# Where to get Rimless tanks?



## IceSeal (Nov 20, 2006)

Sorry to ask this but i honestly have NO idea where to get one.

what are some good websites or companies that make them?

or is it possible to take say a 20L or 30L and take off the trim without any issues?


----------



## Jason Baliban (Feb 21, 2005)

Depending where you are in the US.....if you are? The links below are for ADA products

aquaforestaquarium.com

Aqua Design Amano USA/ADGshop.com- now available in the U.S.A, prouldy offered by Aquarium Design Group. The finest planted aquarium products.

jB


----------



## IUnknown (Feb 24, 2004)

For starphire tanks,
Aquarium Obsessed - Aquatronica, Custom Aquariums, H&S, Tunze, Fauna Marin, Milwaukee, Prodibio, Shuran, Sfiligoi and More!


----------



## IceSeal (Nov 20, 2006)

thank you for those links. They really helped...$130 shipped for a 20L tank  not as bad as i thought it was gunna be..

Im in New York in the USA by the way if that changes anything.


----------



## AndyT. (Jun 28, 2006)

IceSeal said:


> or is it possible to take say a 20L or 30L and take off the trim without any issues?

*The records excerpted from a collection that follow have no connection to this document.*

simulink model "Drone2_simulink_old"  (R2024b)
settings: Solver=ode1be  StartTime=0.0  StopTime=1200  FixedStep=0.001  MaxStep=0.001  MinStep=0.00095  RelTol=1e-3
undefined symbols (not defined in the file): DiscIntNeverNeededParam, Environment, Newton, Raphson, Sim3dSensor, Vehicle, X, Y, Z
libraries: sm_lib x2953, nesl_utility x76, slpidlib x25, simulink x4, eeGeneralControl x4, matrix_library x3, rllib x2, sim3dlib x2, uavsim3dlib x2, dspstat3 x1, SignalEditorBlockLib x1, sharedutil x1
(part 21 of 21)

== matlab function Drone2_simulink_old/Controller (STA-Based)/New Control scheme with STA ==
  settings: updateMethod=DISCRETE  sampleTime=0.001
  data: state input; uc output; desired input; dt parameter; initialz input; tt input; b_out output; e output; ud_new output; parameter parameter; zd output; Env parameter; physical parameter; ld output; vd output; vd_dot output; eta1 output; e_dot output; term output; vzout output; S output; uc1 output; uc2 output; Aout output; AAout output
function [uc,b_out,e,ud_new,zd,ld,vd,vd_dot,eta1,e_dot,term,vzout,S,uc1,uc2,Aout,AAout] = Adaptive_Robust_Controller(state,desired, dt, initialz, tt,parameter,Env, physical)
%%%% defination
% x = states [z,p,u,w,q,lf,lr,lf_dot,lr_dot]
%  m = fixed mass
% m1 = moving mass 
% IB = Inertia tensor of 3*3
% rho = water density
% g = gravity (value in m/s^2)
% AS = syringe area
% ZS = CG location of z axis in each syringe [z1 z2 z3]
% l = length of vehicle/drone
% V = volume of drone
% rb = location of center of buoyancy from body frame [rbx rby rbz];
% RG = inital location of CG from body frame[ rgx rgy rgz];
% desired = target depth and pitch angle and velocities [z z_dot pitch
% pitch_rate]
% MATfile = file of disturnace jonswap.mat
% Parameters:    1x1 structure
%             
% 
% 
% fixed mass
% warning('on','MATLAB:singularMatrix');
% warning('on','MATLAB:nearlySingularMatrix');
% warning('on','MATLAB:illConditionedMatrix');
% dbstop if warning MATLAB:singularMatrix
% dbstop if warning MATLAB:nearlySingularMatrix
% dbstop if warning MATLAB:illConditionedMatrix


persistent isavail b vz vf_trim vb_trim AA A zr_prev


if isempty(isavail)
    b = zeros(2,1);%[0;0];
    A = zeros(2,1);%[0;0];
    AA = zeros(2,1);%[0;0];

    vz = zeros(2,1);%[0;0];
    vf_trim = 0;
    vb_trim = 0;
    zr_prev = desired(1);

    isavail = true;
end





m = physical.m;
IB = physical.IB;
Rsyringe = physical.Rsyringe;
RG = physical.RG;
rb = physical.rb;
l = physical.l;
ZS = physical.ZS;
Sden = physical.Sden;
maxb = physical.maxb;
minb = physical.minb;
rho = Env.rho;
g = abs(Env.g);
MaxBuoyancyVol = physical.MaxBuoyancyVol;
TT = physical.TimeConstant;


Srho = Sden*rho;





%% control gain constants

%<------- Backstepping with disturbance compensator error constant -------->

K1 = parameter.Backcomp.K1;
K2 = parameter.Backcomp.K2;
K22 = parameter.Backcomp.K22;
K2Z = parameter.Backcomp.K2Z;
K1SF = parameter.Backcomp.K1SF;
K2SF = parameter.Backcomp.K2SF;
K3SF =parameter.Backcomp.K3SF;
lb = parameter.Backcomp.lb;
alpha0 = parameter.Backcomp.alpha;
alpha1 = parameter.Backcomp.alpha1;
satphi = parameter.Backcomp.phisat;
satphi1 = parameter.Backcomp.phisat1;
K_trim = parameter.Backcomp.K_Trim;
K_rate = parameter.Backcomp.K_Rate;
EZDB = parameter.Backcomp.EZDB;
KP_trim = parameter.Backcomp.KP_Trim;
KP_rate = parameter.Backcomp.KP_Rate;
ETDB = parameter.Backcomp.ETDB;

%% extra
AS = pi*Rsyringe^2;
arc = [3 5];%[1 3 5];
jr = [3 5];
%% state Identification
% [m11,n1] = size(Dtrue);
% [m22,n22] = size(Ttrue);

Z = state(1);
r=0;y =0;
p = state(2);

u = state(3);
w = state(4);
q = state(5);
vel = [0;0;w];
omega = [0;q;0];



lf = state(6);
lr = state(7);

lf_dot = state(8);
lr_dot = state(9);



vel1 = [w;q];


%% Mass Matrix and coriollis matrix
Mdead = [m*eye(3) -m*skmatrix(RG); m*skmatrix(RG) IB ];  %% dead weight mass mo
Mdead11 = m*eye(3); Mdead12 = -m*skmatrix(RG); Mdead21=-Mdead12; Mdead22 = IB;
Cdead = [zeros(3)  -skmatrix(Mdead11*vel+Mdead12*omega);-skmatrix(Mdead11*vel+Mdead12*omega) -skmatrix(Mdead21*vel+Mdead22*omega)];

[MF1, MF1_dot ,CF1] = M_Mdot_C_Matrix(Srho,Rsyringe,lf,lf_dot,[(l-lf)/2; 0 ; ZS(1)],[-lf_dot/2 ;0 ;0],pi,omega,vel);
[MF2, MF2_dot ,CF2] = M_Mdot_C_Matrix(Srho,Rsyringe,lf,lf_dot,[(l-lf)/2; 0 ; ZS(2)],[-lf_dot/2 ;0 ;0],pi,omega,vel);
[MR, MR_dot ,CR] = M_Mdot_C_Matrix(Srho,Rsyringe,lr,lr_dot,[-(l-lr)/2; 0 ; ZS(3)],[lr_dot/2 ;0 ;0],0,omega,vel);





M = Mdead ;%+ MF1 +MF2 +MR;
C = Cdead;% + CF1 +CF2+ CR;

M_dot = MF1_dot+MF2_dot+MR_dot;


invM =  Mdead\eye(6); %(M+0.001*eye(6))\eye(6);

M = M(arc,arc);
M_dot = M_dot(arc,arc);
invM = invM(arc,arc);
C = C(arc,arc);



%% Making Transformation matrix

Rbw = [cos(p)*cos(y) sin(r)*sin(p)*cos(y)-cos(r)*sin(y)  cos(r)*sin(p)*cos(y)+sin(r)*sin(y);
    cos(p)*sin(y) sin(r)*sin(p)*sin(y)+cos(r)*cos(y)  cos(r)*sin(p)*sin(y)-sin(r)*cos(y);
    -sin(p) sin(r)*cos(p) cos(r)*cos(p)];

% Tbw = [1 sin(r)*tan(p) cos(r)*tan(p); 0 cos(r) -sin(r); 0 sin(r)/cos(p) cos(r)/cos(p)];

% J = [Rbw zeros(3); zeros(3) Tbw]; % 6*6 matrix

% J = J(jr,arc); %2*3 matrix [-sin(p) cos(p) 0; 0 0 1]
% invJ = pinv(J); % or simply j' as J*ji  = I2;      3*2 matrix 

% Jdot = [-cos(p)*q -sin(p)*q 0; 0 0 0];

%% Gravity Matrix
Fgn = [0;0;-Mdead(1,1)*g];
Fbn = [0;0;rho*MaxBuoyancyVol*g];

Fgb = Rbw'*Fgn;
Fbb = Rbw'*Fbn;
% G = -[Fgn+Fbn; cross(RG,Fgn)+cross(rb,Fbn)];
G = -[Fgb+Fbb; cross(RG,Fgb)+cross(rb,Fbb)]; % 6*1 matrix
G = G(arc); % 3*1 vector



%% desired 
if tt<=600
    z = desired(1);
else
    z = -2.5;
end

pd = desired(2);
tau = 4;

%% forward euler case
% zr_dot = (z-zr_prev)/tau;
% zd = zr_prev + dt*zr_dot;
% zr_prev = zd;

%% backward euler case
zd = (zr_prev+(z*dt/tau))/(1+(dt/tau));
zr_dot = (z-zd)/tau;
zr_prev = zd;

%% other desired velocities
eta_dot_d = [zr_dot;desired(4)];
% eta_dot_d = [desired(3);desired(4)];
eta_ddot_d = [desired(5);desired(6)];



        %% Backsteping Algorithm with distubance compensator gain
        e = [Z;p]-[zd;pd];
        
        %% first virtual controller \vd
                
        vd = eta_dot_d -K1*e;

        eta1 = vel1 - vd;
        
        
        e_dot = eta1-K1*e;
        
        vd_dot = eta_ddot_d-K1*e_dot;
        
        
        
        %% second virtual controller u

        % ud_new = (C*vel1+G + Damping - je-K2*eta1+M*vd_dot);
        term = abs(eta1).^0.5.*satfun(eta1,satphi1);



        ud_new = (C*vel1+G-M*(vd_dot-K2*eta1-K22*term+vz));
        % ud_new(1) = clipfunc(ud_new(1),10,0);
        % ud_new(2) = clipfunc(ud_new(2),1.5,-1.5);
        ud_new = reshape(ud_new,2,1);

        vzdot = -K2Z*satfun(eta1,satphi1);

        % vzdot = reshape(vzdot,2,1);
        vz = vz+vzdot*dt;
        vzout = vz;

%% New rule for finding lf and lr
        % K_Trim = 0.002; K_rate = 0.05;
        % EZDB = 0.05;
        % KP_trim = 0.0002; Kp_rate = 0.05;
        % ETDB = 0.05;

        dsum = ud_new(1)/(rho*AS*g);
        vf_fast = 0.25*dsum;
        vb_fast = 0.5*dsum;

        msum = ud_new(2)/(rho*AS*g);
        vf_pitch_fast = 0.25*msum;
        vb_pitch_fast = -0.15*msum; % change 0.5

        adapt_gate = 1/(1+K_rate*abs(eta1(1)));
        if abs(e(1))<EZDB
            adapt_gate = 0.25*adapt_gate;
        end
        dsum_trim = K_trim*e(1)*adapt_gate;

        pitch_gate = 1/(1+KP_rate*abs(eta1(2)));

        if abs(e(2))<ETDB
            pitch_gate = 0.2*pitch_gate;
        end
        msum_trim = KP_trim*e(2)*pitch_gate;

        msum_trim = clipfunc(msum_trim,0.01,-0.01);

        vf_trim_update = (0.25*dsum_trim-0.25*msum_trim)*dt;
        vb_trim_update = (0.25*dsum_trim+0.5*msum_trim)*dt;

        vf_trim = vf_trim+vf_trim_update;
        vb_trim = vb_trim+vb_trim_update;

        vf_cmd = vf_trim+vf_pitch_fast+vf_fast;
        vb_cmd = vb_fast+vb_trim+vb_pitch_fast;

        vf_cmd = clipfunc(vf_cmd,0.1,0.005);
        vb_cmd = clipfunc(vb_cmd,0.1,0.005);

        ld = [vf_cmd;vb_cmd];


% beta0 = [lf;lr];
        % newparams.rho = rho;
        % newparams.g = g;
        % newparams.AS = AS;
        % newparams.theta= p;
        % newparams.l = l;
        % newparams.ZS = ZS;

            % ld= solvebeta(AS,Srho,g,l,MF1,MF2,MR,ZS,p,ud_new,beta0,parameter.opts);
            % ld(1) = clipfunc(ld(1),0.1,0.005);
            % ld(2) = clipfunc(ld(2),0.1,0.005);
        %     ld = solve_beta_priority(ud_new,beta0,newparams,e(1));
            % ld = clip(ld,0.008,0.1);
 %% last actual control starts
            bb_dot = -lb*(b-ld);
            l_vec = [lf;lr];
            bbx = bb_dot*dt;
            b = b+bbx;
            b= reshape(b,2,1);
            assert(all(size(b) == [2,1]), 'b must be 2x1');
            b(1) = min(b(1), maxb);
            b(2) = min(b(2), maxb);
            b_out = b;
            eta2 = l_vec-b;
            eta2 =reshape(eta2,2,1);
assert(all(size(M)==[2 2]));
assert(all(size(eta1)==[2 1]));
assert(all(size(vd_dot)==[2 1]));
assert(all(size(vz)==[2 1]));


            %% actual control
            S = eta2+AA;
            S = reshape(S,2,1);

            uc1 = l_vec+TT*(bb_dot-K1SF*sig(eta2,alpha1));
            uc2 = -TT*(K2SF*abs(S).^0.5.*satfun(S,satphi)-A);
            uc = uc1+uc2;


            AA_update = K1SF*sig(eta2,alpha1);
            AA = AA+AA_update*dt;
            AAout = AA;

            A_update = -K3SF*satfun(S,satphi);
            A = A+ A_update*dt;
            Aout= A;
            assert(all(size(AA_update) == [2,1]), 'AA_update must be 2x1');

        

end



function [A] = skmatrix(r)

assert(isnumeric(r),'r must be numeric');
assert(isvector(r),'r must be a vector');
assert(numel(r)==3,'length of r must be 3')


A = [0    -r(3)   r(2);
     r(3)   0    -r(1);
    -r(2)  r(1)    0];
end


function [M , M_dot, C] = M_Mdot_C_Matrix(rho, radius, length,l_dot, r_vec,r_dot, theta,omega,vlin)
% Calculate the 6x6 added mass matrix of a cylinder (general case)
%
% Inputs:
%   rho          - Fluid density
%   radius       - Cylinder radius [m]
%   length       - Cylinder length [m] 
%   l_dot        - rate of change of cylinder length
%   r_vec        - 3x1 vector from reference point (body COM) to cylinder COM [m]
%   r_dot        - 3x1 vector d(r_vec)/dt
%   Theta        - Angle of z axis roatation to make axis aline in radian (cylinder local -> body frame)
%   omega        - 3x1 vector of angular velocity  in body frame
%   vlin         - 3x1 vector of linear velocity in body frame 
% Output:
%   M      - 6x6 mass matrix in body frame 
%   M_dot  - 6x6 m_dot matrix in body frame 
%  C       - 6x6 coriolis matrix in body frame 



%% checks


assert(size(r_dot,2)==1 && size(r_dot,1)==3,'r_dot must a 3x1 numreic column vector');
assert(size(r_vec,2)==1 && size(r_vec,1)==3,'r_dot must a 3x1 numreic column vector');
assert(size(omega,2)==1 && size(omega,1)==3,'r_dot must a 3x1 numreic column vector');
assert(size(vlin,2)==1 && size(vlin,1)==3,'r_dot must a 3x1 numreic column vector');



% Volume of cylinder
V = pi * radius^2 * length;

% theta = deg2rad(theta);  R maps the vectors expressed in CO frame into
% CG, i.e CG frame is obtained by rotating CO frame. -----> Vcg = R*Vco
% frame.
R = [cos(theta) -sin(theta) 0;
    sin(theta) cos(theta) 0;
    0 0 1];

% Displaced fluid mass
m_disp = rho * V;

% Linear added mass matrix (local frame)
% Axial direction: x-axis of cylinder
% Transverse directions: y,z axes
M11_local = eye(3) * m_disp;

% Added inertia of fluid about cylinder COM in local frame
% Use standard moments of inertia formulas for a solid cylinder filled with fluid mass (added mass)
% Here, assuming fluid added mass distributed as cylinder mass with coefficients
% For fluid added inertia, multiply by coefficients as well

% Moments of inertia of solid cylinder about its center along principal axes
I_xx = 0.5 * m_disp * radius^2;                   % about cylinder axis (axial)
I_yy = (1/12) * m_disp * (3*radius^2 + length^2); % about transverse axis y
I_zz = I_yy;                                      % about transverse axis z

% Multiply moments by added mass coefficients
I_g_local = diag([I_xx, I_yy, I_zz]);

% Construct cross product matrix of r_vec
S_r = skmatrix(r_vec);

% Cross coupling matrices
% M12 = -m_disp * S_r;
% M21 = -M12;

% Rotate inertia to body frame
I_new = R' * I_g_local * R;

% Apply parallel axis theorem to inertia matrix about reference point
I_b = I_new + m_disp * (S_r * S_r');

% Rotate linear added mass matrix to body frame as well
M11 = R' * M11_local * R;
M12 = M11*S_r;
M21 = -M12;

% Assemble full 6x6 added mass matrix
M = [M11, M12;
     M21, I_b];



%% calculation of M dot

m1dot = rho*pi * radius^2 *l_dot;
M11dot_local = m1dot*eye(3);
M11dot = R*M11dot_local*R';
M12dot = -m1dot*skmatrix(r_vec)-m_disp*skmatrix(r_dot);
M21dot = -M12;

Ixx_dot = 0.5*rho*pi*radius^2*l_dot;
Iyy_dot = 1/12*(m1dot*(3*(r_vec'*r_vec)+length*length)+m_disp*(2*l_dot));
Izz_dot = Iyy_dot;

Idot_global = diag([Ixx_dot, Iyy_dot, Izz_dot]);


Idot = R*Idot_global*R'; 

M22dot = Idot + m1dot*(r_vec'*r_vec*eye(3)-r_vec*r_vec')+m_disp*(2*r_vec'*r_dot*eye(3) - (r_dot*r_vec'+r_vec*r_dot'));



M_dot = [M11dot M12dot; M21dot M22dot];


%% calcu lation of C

The trim on most standard small aquariums is not really functional and can be removed. Be careful doing so, it is easy to break the glass. Also, I found out the hard way that the edges under the trim may be sharp! Ouch!


----------



## aquarium boy (Nov 28, 2004)

it is possable to remove the trim on small aquariums like the guy above me said but you wont like what you might find under there. if you have a dremal tool you might be able to buff the edges down.


----------



## xcooperx (Jun 24, 2006)

where is the $130 shipped tank?


----------



## IceSeal (Nov 20, 2006)

the second link Jason Baladin provided has a 24Lx12Wx14 high tank for $95 and with shipping it came out to $130.

The first link he has also has the same tank but im not sure how much shipping would be to me.

Im not sure what I exactly wanna do, i right now have a 52gallon flat back hex but ive been hearing they are REALLY hard to aquascape and im in love with the rimless look...so once that is gone ill have around 300 to play with before i start digging into my pockets.

would you guys suggest starting with a 20L tank or should i just attempt to go for the 55g tank? ive been hearing you want a relatively small aquarium for your first but not too small...so im unsure what constitutes small or too big lol.


----------